Should we turn all the lights off whilst we are away for the 2 weeks or turn the main tubes off and keep the air stone lights on?.......they are subtle but its obviously still light in the tank.

Any help would be appreciated! Thanks!


----------



## alto (3 Sep 2015)

What's the present situation with this tank? I think you've had some fish deaths re tetra general - but what led you to dose in the first place???
What livestock are in the tank now?
Water change schedule?
Foods?


Automatic fish feeders are somewhat notorious for sticking open rather than closed so research carefully before investing & choose appropriate foods (pellets are often suggested over flakes) - if you're having a friend come by every couple of days, I'd just portion out suitable amounts of foods (same as you'd feed daily!) & have this person drop in the tank & observe fish.
If possible invite friend over & go through the fish list & filter/heater/light checks etc  - if person is not fish experienced, write up a detailed check list & emergency contact #'s (do you have a local shop that will talk through issues or even come by if needed?)
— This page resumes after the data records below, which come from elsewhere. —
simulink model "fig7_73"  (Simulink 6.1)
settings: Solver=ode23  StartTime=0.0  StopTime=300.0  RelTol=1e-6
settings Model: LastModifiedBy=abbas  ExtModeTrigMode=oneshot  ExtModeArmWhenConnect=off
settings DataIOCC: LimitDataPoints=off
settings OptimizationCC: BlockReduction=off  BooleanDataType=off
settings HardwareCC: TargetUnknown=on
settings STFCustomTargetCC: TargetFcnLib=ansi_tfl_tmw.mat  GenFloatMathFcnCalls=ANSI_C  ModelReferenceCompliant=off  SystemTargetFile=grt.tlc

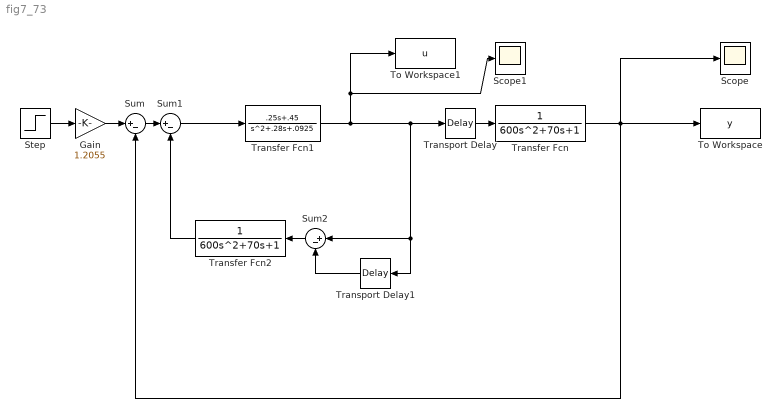
== system fig7_73 ==
  Gain : Gain  Gain=1.2055  SaturateOnIntegerOverflow=on
  Scope : Scope
  Scope1 : Scope
  Step : Step  SampleTime=0
  Sum : Sum  Inputs=|+-  SaturateOnIntegerOverflow=on  InputSameDT=on
  Sum1 : Sum  Inputs=|+-  SaturateOnIntegerOverflow=on  InputSameDT=on
  Sum2 : Sum  Orientation=left  Inputs=|+-  SaturateOnIntegerOverflow=on  InputSameDT=on
  To Workspace : ToWorkspace  VariableName=y  SampleTime=-1  SaveFormat=Array
  To Workspace1 : ToWorkspace  VariableName=u  SampleTime=-1  SaveFormat=Array
  Transfer Fcn : TransferFcn  Denominator=[600 70 1]
  Transfer Fcn1 : TransferFcn  Numerator="[.25  .45]"  Denominator=[1 .28 .0925]
  Transfer Fcn2 : TransferFcn  Orientation=left  Denominator=[600 70 1]
  Transport Delay : TransportDelay  DelayTime=5
  Transport Delay1 : TransportDelay  Orientation=left  DelayTime=5
  wires:
  Transport Delay/1 -> Transfer Fcn/1
  Transfer Fcn/1 -> To Workspace/1, Scope/1, Sum/2
  Sum1/1 -> Transfer Fcn1/1
  Sum/1 -> Sum1/1
  Transfer Fcn2/1 -> Sum1/2
  Sum2/1 -> Transfer Fcn2/1
  Transport Delay1/1 -> Sum2/2
  Transfer Fcn1/1 -> Transport Delay/1, Transport Delay1/1, Sum2/1, To Workspace1/1, Scope1/1
  Step/1 -> Gain/1
  Gain/1 -> Sum/1

Lights can be turned off, this works just fine as long as there is some ambient light reaching the tank during feeding time.
You might also just use an electronic timer for the light power cord.


----------



## ian_m (3 Sep 2015)

Before I had a planted tank I just left the lights on normal 6 hours when away, even for upto 3 weeks. Fish fed with a feeder.

When moved to planted, a whole different ball game. Used a fish feeder, used dosing pumps to add fertiliser and turned lights down to 3-4 hours a day and CO2 down as well. All was fine when I came back after 3 weeks.


----------